[Recorded data]
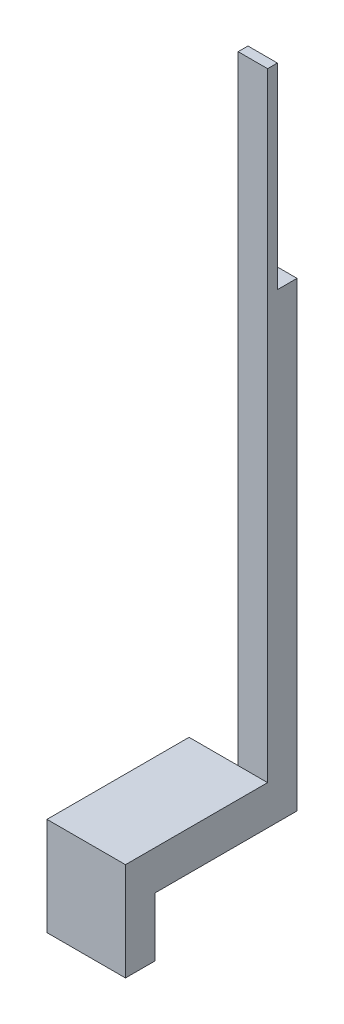
ISO-10303-21;
HEADER;
FILE_DESCRIPTION(('STEP AP214'),'2;1');
FILE_NAME('part.step','',(''),(''),'','','');
FILE_SCHEMA(('AUTOMOTIVE_DESIGN { 1 0 10303 214 1 1 1 1 }'));
ENDSEC;
DATA;
#1=APPLICATION_CONTEXT('core data for automotive mechanical design processes');
#2=APPLICATION_PROTOCOL_DEFINITION('international standard','automotive_design',2000,#1);
#3=PRODUCT_CONTEXT('',#1,'mechanical');
#4=PRODUCT('Part','Part','',(#3));
#5=PRODUCT_RELATED_PRODUCT_CATEGORY('part','',(#4));
#6=PRODUCT_DEFINITION_FORMATION('','',#4);
#7=PRODUCT_DEFINITION_CONTEXT('part definition',#1,'design');
#8=PRODUCT_DEFINITION('design','',#6,#7);
#9=PRODUCT_DEFINITION_SHAPE('','',#8);
#10=(LENGTH_UNIT() NAMED_UNIT(*) SI_UNIT(.MILLI.,.METRE.));
#11=(NAMED_UNIT(*) PLANE_ANGLE_UNIT() SI_UNIT($,.RADIAN.));
#12=(NAMED_UNIT(*) SI_UNIT($,.STERADIAN.) SOLID_ANGLE_UNIT());
#13=UNCERTAINTY_MEASURE_WITH_UNIT(LENGTH_MEASURE(1.E-05),#10,'distance_accuracy_value','');
#14=(GEOMETRIC_REPRESENTATION_CONTEXT(3) GLOBAL_UNCERTAINTY_ASSIGNED_CONTEXT((#13)) GLOBAL_UNIT_ASSIGNED_CONTEXT((#10,
#11,#12)) REPRESENTATION_CONTEXT('',''));
#15=CARTESIAN_POINT('',(0.,0.,0.));
#16=DIRECTION('',(0.,0.,1.));
#17=DIRECTION('',(1.,0.,0.));
#18=AXIS2_PLACEMENT_3D('',#15,#16,#17);
#19=CARTESIAN_POINT('',(0.,0.,3.));
#20=DIRECTION('',(1.,0.,0.));
#21=DIRECTION('',(0.,0.,-1.));
#22=AXIS2_PLACEMENT_3D('',#19,#20,#21);
#23=PLANE('',#22);
#24=DIRECTION('',(0.,-1.,0.));
#25=VECTOR('',#24,1.);
#26=CARTESIAN_POINT('',(0.,4.,3.));
#27=LINE('',#26,#25);
#28=CARTESIAN_POINT('',(0.,4.,3.));
#29=VERTEX_POINT('',#28);
#30=CARTESIAN_POINT('',(0.,0.,3.));
#31=VERTEX_POINT('',#30);
#32=EDGE_CURVE('E146',#29,#31,#27,.T.);
#33=ORIENTED_EDGE('',*,*,#32,.F.);
#34=DIRECTION('',(0.,-1.,0.));
#35=VECTOR('',#34,1.);
#36=CARTESIAN_POINT('',(0.,0.,3.));
#37=LINE('',#36,#35);
#38=CARTESIAN_POINT('',(0.,67.,3.));
#39=VERTEX_POINT('',#38);
#40=EDGE_CURVE('E195',#39,#29,#37,.T.);
#41=ORIENTED_EDGE('',*,*,#40,.F.);
#42=DIRECTION('',(0.,0.,1.));
#43=VECTOR('',#42,1.);
#44=CARTESIAN_POINT('',(0.,67.,3.));
#45=LINE('',#44,#43);
#46=CARTESIAN_POINT('',(0.,67.,2.));
#47=VERTEX_POINT('',#46);
#48=EDGE_CURVE('E177',#47,#39,#45,.T.);
#49=ORIENTED_EDGE('',*,*,#48,.F.);
#50=DIRECTION('',(0.,-1.,0.));
#51=VECTOR('',#50,1.);
#52=CARTESIAN_POINT('',(0.,67.,2.));
#53=LINE('',#52,#51);
#54=CARTESIAN_POINT('',(0.,47.,2.));
#55=VERTEX_POINT('',#54);
#56=EDGE_CURVE('E187',#47,#55,#53,.T.);
#57=ORIENTED_EDGE('',*,*,#56,.T.);
#58=DIRECTION('',(0.,0.,-1.));
#59=VECTOR('',#58,1.);
#60=CARTESIAN_POINT('',(0.,47.,3.));
#61=LINE('',#60,#59);
#62=CARTESIAN_POINT('',(0.,47.,0.));
#63=VERTEX_POINT('',#62);
#64=EDGE_CURVE('E200',#55,#63,#61,.T.);
#65=ORIENTED_EDGE('',*,*,#64,.T.);
#66=DIRECTION('',(0.,-1.,0.));
#67=VECTOR('',#66,1.);
#68=CARTESIAN_POINT('',(0.,0.,0.));
#69=LINE('',#68,#67);
#70=CARTESIAN_POINT('',(0.,0.,0.));
#71=VERTEX_POINT('',#70);
#72=EDGE_CURVE('E194',#63,#71,#69,.T.);
#73=ORIENTED_EDGE('',*,*,#72,.T.);
#74=DIRECTION('',(0.,0.,-1.));
#75=VECTOR('',#74,1.);
#76=CARTESIAN_POINT('',(0.,0.,3.));
#77=LINE('',#76,#75);
#78=EDGE_CURVE('E11',#31,#71,#77,.T.);
#79=ORIENTED_EDGE('',*,*,#78,.F.);
#80=EDGE_LOOP('',(#33,#41,#49,#57,#65,#73,#79));
#81=FACE_BOUND('',#80,.T.);
#82=ADVANCED_FACE('F33',(#81),#23,.F.);
#83=CARTESIAN_POINT('',(0.,0.,3.));
#84=DIRECTION('',(0.,0.,-1.));
#85=DIRECTION('',(-1.,0.,0.));
#86=AXIS2_PLACEMENT_3D('',#83,#84,#85);
#87=PLANE('',#86);
#88=DIRECTION('',(-1.,0.,0.));
#89=VECTOR('',#88,1.);
#90=CARTESIAN_POINT('',(0.,4.,3.));
#91=LINE('',#90,#89);
#92=CARTESIAN_POINT('',(3.,4.,3.));
#93=VERTEX_POINT('',#92);
#94=EDGE_CURVE('E47',#93,#29,#91,.T.);
#95=ORIENTED_EDGE('',*,*,#94,.F.);
#96=DIRECTION('',(0.,1.,0.));
#97=VECTOR('',#96,1.);
#98=CARTESIAN_POINT('',(3.,0.,3.));
#99=LINE('',#98,#97);
#100=CARTESIAN_POINT('',(3.,67.,3.));
#101=VERTEX_POINT('',#100);
#102=EDGE_CURVE('E197',#93,#101,#99,.T.);
#103=ORIENTED_EDGE('',*,*,#102,.T.);
#104=DIRECTION('',(1.,0.,0.));
#105=VECTOR('',#104,1.);
#106=CARTESIAN_POINT('',(0.,67.,3.));
#107=LINE('',#106,#105);
#108=EDGE_CURVE('E180',#39,#101,#107,.T.);
#109=ORIENTED_EDGE('',*,*,#108,.F.);
#110=ORIENTED_EDGE('',*,*,#40,.T.);
#111=EDGE_LOOP('',(#95,#103,#109,#110));
#112=FACE_BOUND('',#111,.T.);
#113=ADVANCED_FACE('F250',(#112),#87,.F.);
#114=CARTESIAN_POINT('',(0.,47.,3.));
#115=DIRECTION('',(0.,-1.,0.));
#116=DIRECTION('',(0.,0.,-1.));
#117=AXIS2_PLACEMENT_3D('',#114,#115,#116);
#118=PLANE('',#117);
#119=DIRECTION('',(-1.,0.,0.));
#120=VECTOR('',#119,1.);
#121=CARTESIAN_POINT('',(0.,47.,2.));
#122=LINE('',#121,#120);
#123=CARTESIAN_POINT('',(3.,47.,2.));
#124=VERTEX_POINT('',#123);
#125=EDGE_CURVE('E55',#124,#55,#122,.T.);
#126=ORIENTED_EDGE('',*,*,#125,.F.);
#127=DIRECTION('',(0.,0.,-1.));
#128=VECTOR('',#127,1.);
#129=CARTESIAN_POINT('',(3.,47.,3.));
#130=LINE('',#129,#128);
#131=CARTESIAN_POINT('',(3.,47.,0.));
#132=VERTEX_POINT('',#131);
#133=EDGE_CURVE('E211',#124,#132,#130,.T.);
#134=ORIENTED_EDGE('',*,*,#133,.T.);
#135=DIRECTION('',(-1.,0.,0.));
#136=VECTOR('',#135,1.);
#137=CARTESIAN_POINT('',(0.,47.,0.));
#138=LINE('',#137,#136);
#139=EDGE_CURVE('E198',#132,#63,#138,.T.);
#140=ORIENTED_EDGE('',*,*,#139,.T.);
#141=ORIENTED_EDGE('',*,*,#64,.F.);
#142=EDGE_LOOP('',(#126,#134,#140,#141));
#143=FACE_BOUND('',#142,.T.);
#144=ADVANCED_FACE('F222',(#143),#118,.F.);
#145=CARTESIAN_POINT('',(0.,0.,3.));
#146=DIRECTION('',(0.,1.,0.));
#147=DIRECTION('',(0.,0.,1.));
#148=AXIS2_PLACEMENT_3D('',#145,#146,#147);
#149=PLANE('',#148);
#150=DIRECTION('',(1.,0.,0.));
#151=VECTOR('',#150,1.);
#152=CARTESIAN_POINT('',(0.,0.,0.));
#153=LINE('',#152,#151);
#154=CARTESIAN_POINT('',(3.,0.,0.));
#155=VERTEX_POINT('',#154);
#156=EDGE_CURVE('E203',#71,#155,#153,.T.);
#157=ORIENTED_EDGE('',*,*,#156,.T.);
#158=DIRECTION('',(0.,0.,-1.));
#159=VECTOR('',#158,1.);
#160=CARTESIAN_POINT('',(3.,0.,3.));
#161=LINE('',#160,#159);
#162=CARTESIAN_POINT('',(3.,0.,14.48));
#163=VERTEX_POINT('',#162);
#164=EDGE_CURVE('E40',#163,#155,#161,.T.);
#165=ORIENTED_EDGE('',*,*,#164,.F.);
#166=DIRECTION('',(1.,0.,0.));
#167=VECTOR('',#166,1.);
#168=CARTESIAN_POINT('',(0.,0.,14.48));
#169=LINE('',#168,#167);
#170=CARTESIAN_POINT('',(-5.,0.,14.48));
#171=VERTEX_POINT('',#170);
#172=EDGE_CURVE('E171',#171,#163,#169,.T.);
#173=ORIENTED_EDGE('',*,*,#172,.F.);
#174=DIRECTION('',(0.,0.,1.));
#175=VECTOR('',#174,1.);
#176=CARTESIAN_POINT('',(-5.,0.,14.48));
#177=LINE('',#176,#175);
#178=CARTESIAN_POINT('',(-5.,0.,3.));
#179=VERTEX_POINT('',#178);
#180=EDGE_CURVE('E145',#179,#171,#177,.T.);
#181=ORIENTED_EDGE('',*,*,#180,.F.);
#182=DIRECTION('',(1.,0.,0.));
#183=VECTOR('',#182,1.);
#184=CARTESIAN_POINT('',(-5.,0.,3.));
#185=LINE('',#184,#183);
#186=EDGE_CURVE('E156',#179,#31,#185,.T.);
#187=ORIENTED_EDGE('',*,*,#186,.T.);
#188=ORIENTED_EDGE('',*,*,#78,.T.);
#189=EDGE_LOOP('',(#157,#165,#173,#181,#187,#188));
#190=FACE_BOUND('',#189,.T.);
#191=ADVANCED_FACE('F243',(#190),#149,.F.);
#192=CARTESIAN_POINT('',(3.,0.,3.));
#193=DIRECTION('',(-1.,0.,0.));
#194=DIRECTION('',(0.,0.,1.));
#195=AXIS2_PLACEMENT_3D('',#192,#193,#194);
#196=PLANE('',#195);
#197=DIRECTION('',(0.,1.,0.));
#198=VECTOR('',#197,1.);
#199=CARTESIAN_POINT('',(3.,0.,0.));
#200=LINE('',#199,#198);
#201=EDGE_CURVE('E205',#155,#132,#200,.T.);
#202=ORIENTED_EDGE('',*,*,#201,.T.);
#203=ORIENTED_EDGE('',*,*,#133,.F.);
#204=DIRECTION('',(0.,-1.,0.));
#205=VECTOR('',#204,1.);
#206=CARTESIAN_POINT('',(3.,67.,2.));
#207=LINE('',#206,#205);
#208=CARTESIAN_POINT('',(3.,67.,2.));
#209=VERTEX_POINT('',#208);
#210=EDGE_CURVE('E191',#209,#124,#207,.T.);
#211=ORIENTED_EDGE('',*,*,#210,.F.);
#212=DIRECTION('',(0.,0.,-1.));
#213=VECTOR('',#212,1.);
#214=CARTESIAN_POINT('',(3.,67.,3.));
#215=LINE('',#214,#213);
#216=EDGE_CURVE('E183',#101,#209,#215,.T.);
#217=ORIENTED_EDGE('',*,*,#216,.F.);
#218=ORIENTED_EDGE('',*,*,#102,.F.);
#219=DIRECTION('',(0.,0.,-1.));
#220=VECTOR('',#219,1.);
#221=CARTESIAN_POINT('',(3.,4.,14.48));
#222=LINE('',#221,#220);
#223=CARTESIAN_POINT('',(3.,4.,17.48));
#224=VERTEX_POINT('',#223);
#225=EDGE_CURVE('E173',#224,#93,#222,.T.);
#226=ORIENTED_EDGE('',*,*,#225,.F.);
#227=DIRECTION('',(0.,1.,0.));
#228=VECTOR('',#227,1.);
#229=CARTESIAN_POINT('',(3.,-6.,17.48));
#230=LINE('',#229,#228);
#231=CARTESIAN_POINT('',(3.,-6.,17.48));
#232=VERTEX_POINT('',#231);
#233=EDGE_CURVE('E129',#232,#224,#230,.T.);
#234=ORIENTED_EDGE('',*,*,#233,.F.);
#235=DIRECTION('',(0.,0.,-1.));
#236=VECTOR('',#235,1.);
#237=CARTESIAN_POINT('',(3.,-6.,14.48));
#238=LINE('',#237,#236);
#239=CARTESIAN_POINT('',(3.,-6.,14.48));
#240=VERTEX_POINT('',#239);
#241=EDGE_CURVE('E130',#232,#240,#238,.T.);
#242=ORIENTED_EDGE('',*,*,#241,.T.);
#243=DIRECTION('',(0.,1.,0.));
#244=VECTOR('',#243,1.);
#245=CARTESIAN_POINT('',(3.,-6.,14.48));
#246=LINE('',#245,#244);
#247=EDGE_CURVE('E125',#240,#163,#246,.T.);
#248=ORIENTED_EDGE('',*,*,#247,.T.);
#249=ORIENTED_EDGE('',*,*,#164,.T.);
#250=EDGE_LOOP('',(#202,#203,#211,#217,#218,#226,#234,#242,#248,#249));
#251=FACE_BOUND('',#250,.T.);
#252=ADVANCED_FACE('F215',(#251),#196,.F.);
#253=CARTESIAN_POINT('',(0.,0.,0.));
#254=DIRECTION('',(0.,0.,-1.));
#255=DIRECTION('',(-1.,0.,0.));
#256=AXIS2_PLACEMENT_3D('',#253,#254,#255);
#257=PLANE('',#256);
#258=ORIENTED_EDGE('',*,*,#72,.F.);
#259=ORIENTED_EDGE('',*,*,#139,.F.);
#260=ORIENTED_EDGE('',*,*,#201,.F.);
#261=ORIENTED_EDGE('',*,*,#156,.F.);
#262=EDGE_LOOP('',(#258,#259,#260,#261));
#263=FACE_BOUND('',#262,.T.);
#264=ADVANCED_FACE('F221',(#263),#257,.T.);
#265=CARTESIAN_POINT('',(0.,67.,2.));
#266=DIRECTION('',(0.,0.,1.));
#267=DIRECTION('',(1.,0.,0.));
#268=AXIS2_PLACEMENT_3D('',#265,#266,#267);
#269=PLANE('',#268);
#270=ORIENTED_EDGE('',*,*,#125,.T.);
#271=ORIENTED_EDGE('',*,*,#56,.F.);
#272=DIRECTION('',(-1.,0.,0.));
#273=VECTOR('',#272,1.);
#274=CARTESIAN_POINT('',(0.,67.,2.));
#275=LINE('',#274,#273);
#276=EDGE_CURVE('E185',#209,#47,#275,.T.);
#277=ORIENTED_EDGE('',*,*,#276,.F.);
#278=ORIENTED_EDGE('',*,*,#210,.T.);
#279=EDGE_LOOP('',(#270,#271,#277,#278));
#280=FACE_BOUND('',#279,.T.);
#281=ADVANCED_FACE('F227',(#280),#269,.F.);
#282=CARTESIAN_POINT('',(0.,67.,0.));
#283=DIRECTION('',(0.,-1.,0.));
#284=DIRECTION('',(0.,0.,-1.));
#285=AXIS2_PLACEMENT_3D('',#282,#283,#284);
#286=PLANE('',#285);
#287=ORIENTED_EDGE('',*,*,#48,.T.);
#288=ORIENTED_EDGE('',*,*,#108,.T.);
#289=ORIENTED_EDGE('',*,*,#216,.T.);
#290=ORIENTED_EDGE('',*,*,#276,.T.);
#291=EDGE_LOOP('',(#287,#288,#289,#290));
#292=FACE_BOUND('',#291,.T.);
#293=ADVANCED_FACE('F231',(#292),#286,.F.);
#294=CARTESIAN_POINT('',(0.,4.,14.48));
#295=DIRECTION('',(0.,-1.,0.));
#296=DIRECTION('',(0.,0.,-1.));
#297=AXIS2_PLACEMENT_3D('',#294,#295,#296);
#298=PLANE('',#297);
#299=ORIENTED_EDGE('',*,*,#94,.T.);
#300=DIRECTION('',(1.,0.,0.));
#301=VECTOR('',#300,1.);
#302=CARTESIAN_POINT('',(-5.,4.,3.));
#303=LINE('',#302,#301);
#304=CARTESIAN_POINT('',(-5.,4.,3.));
#305=VERTEX_POINT('',#304);
#306=EDGE_CURVE('E160',#305,#29,#303,.T.);
#307=ORIENTED_EDGE('',*,*,#306,.F.);
#308=DIRECTION('',(0.,0.,-1.));
#309=VECTOR('',#308,1.);
#310=CARTESIAN_POINT('',(-5.,4.,17.48));
#311=LINE('',#310,#309);
#312=CARTESIAN_POINT('',(-5.,4.,17.48));
#313=VERTEX_POINT('',#312);
#314=EDGE_CURVE('E152',#313,#305,#311,.T.);
#315=ORIENTED_EDGE('',*,*,#314,.F.);
#316=DIRECTION('',(1.,0.,0.));
#317=VECTOR('',#316,1.);
#318=CARTESIAN_POINT('',(0.,4.,17.48));
#319=LINE('',#318,#317);
#320=EDGE_CURVE('E163',#313,#224,#319,.T.);
#321=ORIENTED_EDGE('',*,*,#320,.T.);
#322=ORIENTED_EDGE('',*,*,#225,.T.);
#323=EDGE_LOOP('',(#299,#307,#315,#321,#322));
#324=FACE_BOUND('',#323,.T.);
#325=ADVANCED_FACE('F234',(#324),#298,.F.);
#326=CARTESIAN_POINT('',(0.,-6.,14.48));
#327=DIRECTION('',(0.,0.,-1.));
#328=DIRECTION('',(-1.,0.,0.));
#329=AXIS2_PLACEMENT_3D('',#326,#327,#328);
#330=PLANE('',#329);
#331=DIRECTION('',(-1.,0.,0.));
#332=VECTOR('',#331,1.);
#333=CARTESIAN_POINT('',(0.,-6.,14.48));
#334=LINE('',#333,#332);
#335=CARTESIAN_POINT('',(-5.,-6.,14.48));
#336=VERTEX_POINT('',#335);
#337=EDGE_CURVE('E118',#240,#336,#334,.T.);
#338=ORIENTED_EDGE('',*,*,#337,.T.);
#339=DIRECTION('',(0.,-1.,0.));
#340=VECTOR('',#339,1.);
#341=CARTESIAN_POINT('',(-5.,-6.,14.48));
#342=LINE('',#341,#340);
#343=EDGE_CURVE('E123',#171,#336,#342,.T.);
#344=ORIENTED_EDGE('',*,*,#343,.F.);
#345=ORIENTED_EDGE('',*,*,#172,.T.);
#346=ORIENTED_EDGE('',*,*,#247,.F.);
#347=EDGE_LOOP('',(#338,#344,#345,#346));
#348=FACE_BOUND('',#347,.T.);
#349=ADVANCED_FACE('F120',(#348),#330,.T.);
#350=CARTESIAN_POINT('',(0.,-6.,17.48));
#351=DIRECTION('',(0.,0.,1.));
#352=DIRECTION('',(1.,0.,0.));
#353=AXIS2_PLACEMENT_3D('',#350,#351,#352);
#354=PLANE('',#353);
#355=ORIENTED_EDGE('',*,*,#320,.F.);
#356=DIRECTION('',(0.,1.,0.));
#357=VECTOR('',#356,1.);
#358=CARTESIAN_POINT('',(-5.,-6.,17.48));
#359=LINE('',#358,#357);
#360=CARTESIAN_POINT('',(-5.,-6.,17.48));
#361=VERTEX_POINT('',#360);
#362=EDGE_CURVE('E140',#361,#313,#359,.T.);
#363=ORIENTED_EDGE('',*,*,#362,.F.);
#364=DIRECTION('',(1.,0.,0.));
#365=VECTOR('',#364,1.);
#366=CARTESIAN_POINT('',(0.,-6.,17.48));
#367=LINE('',#366,#365);
#368=EDGE_CURVE('E136',#361,#232,#367,.T.);
#369=ORIENTED_EDGE('',*,*,#368,.T.);
#370=ORIENTED_EDGE('',*,*,#233,.T.);
#371=EDGE_LOOP('',(#355,#363,#369,#370));
#372=FACE_BOUND('',#371,.T.);
#373=ADVANCED_FACE('F238',(#372),#354,.T.);
#374=CARTESIAN_POINT('',(0.,-6.,0.));
#375=DIRECTION('',(0.,1.,0.));
#376=DIRECTION('',(0.,0.,1.));
#377=AXIS2_PLACEMENT_3D('',#374,#375,#376);
#378=PLANE('',#377);
#379=ORIENTED_EDGE('',*,*,#368,.F.);
#380=DIRECTION('',(0.,0.,1.));
#381=VECTOR('',#380,1.);
#382=CARTESIAN_POINT('',(-5.,-6.,14.48));
#383=LINE('',#382,#381);
#384=EDGE_CURVE('E133',#336,#361,#383,.T.);
#385=ORIENTED_EDGE('',*,*,#384,.F.);
#386=ORIENTED_EDGE('',*,*,#337,.F.);
#387=ORIENTED_EDGE('',*,*,#241,.F.);
#388=EDGE_LOOP('',(#379,#385,#386,#387));
#389=FACE_BOUND('',#388,.T.);
#390=ADVANCED_FACE('F134',(#389),#378,.F.);
#391=CARTESIAN_POINT('',(-5.,4.,3.));
#392=DIRECTION('',(0.,0.,1.));
#393=DIRECTION('',(0.,-1.,0.));
#394=AXIS2_PLACEMENT_3D('',#391,#392,#393);
#395=PLANE('',#394);
#396=ORIENTED_EDGE('',*,*,#32,.T.);
#397=ORIENTED_EDGE('',*,*,#186,.F.);
#398=DIRECTION('',(0.,-1.,0.));
#399=VECTOR('',#398,1.);
#400=CARTESIAN_POINT('',(-5.,4.,3.));
#401=LINE('',#400,#399);
#402=EDGE_CURVE('E154',#305,#179,#401,.T.);
#403=ORIENTED_EDGE('',*,*,#402,.F.);
#404=ORIENTED_EDGE('',*,*,#306,.T.);
#405=EDGE_LOOP('',(#396,#397,#403,#404));
#406=FACE_BOUND('',#405,.T.);
#407=ADVANCED_FACE('F242',(#406),#395,.F.);
#408=CARTESIAN_POINT('',(-5.,0.,0.));
#409=DIRECTION('',(-1.,0.,0.));
#410=DIRECTION('',(0.,0.,1.));
#411=AXIS2_PLACEMENT_3D('',#408,#409,#410);
#412=PLANE('',#411);
#413=ORIENTED_EDGE('',*,*,#343,.T.);
#414=ORIENTED_EDGE('',*,*,#384,.T.);
#415=ORIENTED_EDGE('',*,*,#362,.T.);
#416=ORIENTED_EDGE('',*,*,#314,.T.);
#417=ORIENTED_EDGE('',*,*,#402,.T.);
#418=ORIENTED_EDGE('',*,*,#180,.T.);
#419=EDGE_LOOP('',(#413,#414,#415,#416,#417,#418));
#420=FACE_BOUND('',#419,.T.);
#421=ADVANCED_FACE('F143',(#420),#412,.T.);
#422=CLOSED_SHELL('',(#82,#113,#144,#191,#252,#264,#281,#293,#325,#349,#373,#390,#407,#421));
#423=MANIFOLD_SOLID_BREP('B2',#422);
#424=ADVANCED_BREP_SHAPE_REPRESENTATION('',(#18,#423),#14);
#425=SHAPE_DEFINITION_REPRESENTATION(#9,#424);
ENDSEC;
END-ISO-10303-21;

(What you need to do) Output must match the lines from the start of the records above through the line that contains "#20=DIRECTION('',(1.,0.,0.));", exactly and with every picture removed.

(Answer to the problem)
ISO-10303-21;
HEADER;
FILE_DESCRIPTION(('STEP AP214'),'2;1');
FILE_NAME('part.step','',(''),(''),'','','');
FILE_SCHEMA(('AUTOMOTIVE_DESIGN { 1 0 10303 214 1 1 1 1 }'));
ENDSEC;
DATA;
#1=APPLICATION_CONTEXT('core data for automotive mechanical design processes');
#2=APPLICATION_PROTOCOL_DEFINITION('international standard','automotive_design',2000,#1);
#3=PRODUCT_CONTEXT('',#1,'mechanical');
#4=PRODUCT('Part','Part','',(#3));
#5=PRODUCT_RELATED_PRODUCT_CATEGORY('part','',(#4));
#6=PRODUCT_DEFINITION_FORMATION('','',#4);
#7=PRODUCT_DEFINITION_CONTEXT('part definition',#1,'design');
#8=PRODUCT_DEFINITION('design','',#6,#7);
#9=PRODUCT_DEFINITION_SHAPE('','',#8);
#10=(LENGTH_UNIT() NAMED_UNIT(*) SI_UNIT(.MILLI.,.METRE.));
#11=(NAMED_UNIT(*) PLANE_ANGLE_UNIT() SI_UNIT($,.RADIAN.));
#12=(NAMED_UNIT(*) SI_UNIT($,.STERADIAN.) SOLID_ANGLE_UNIT());
#13=UNCERTAINTY_MEASURE_WITH_UNIT(LENGTH_MEASURE(1.E-05),#10,'distance_accuracy_value','');
#14=(GEOMETRIC_REPRESENTATION_CONTEXT(3) GLOBAL_UNCERTAINTY_ASSIGNED_CONTEXT((#13)) GLOBAL_UNIT_ASSIGNED_CONTEXT((#10,
#11,#12)) REPRESENTATION_CONTEXT('',''));
#15=CARTESIAN_POINT('',(0.,0.,0.));
#16=DIRECTION('',(0.,0.,1.));
#17=DIRECTION('',(1.,0.,0.));
#18=AXIS2_PLACEMENT_3D('',#15,#16,#17);
#19=CARTESIAN_POINT('',(0.,0.,3.));
#20=DIRECTION('',(1.,0.,0.));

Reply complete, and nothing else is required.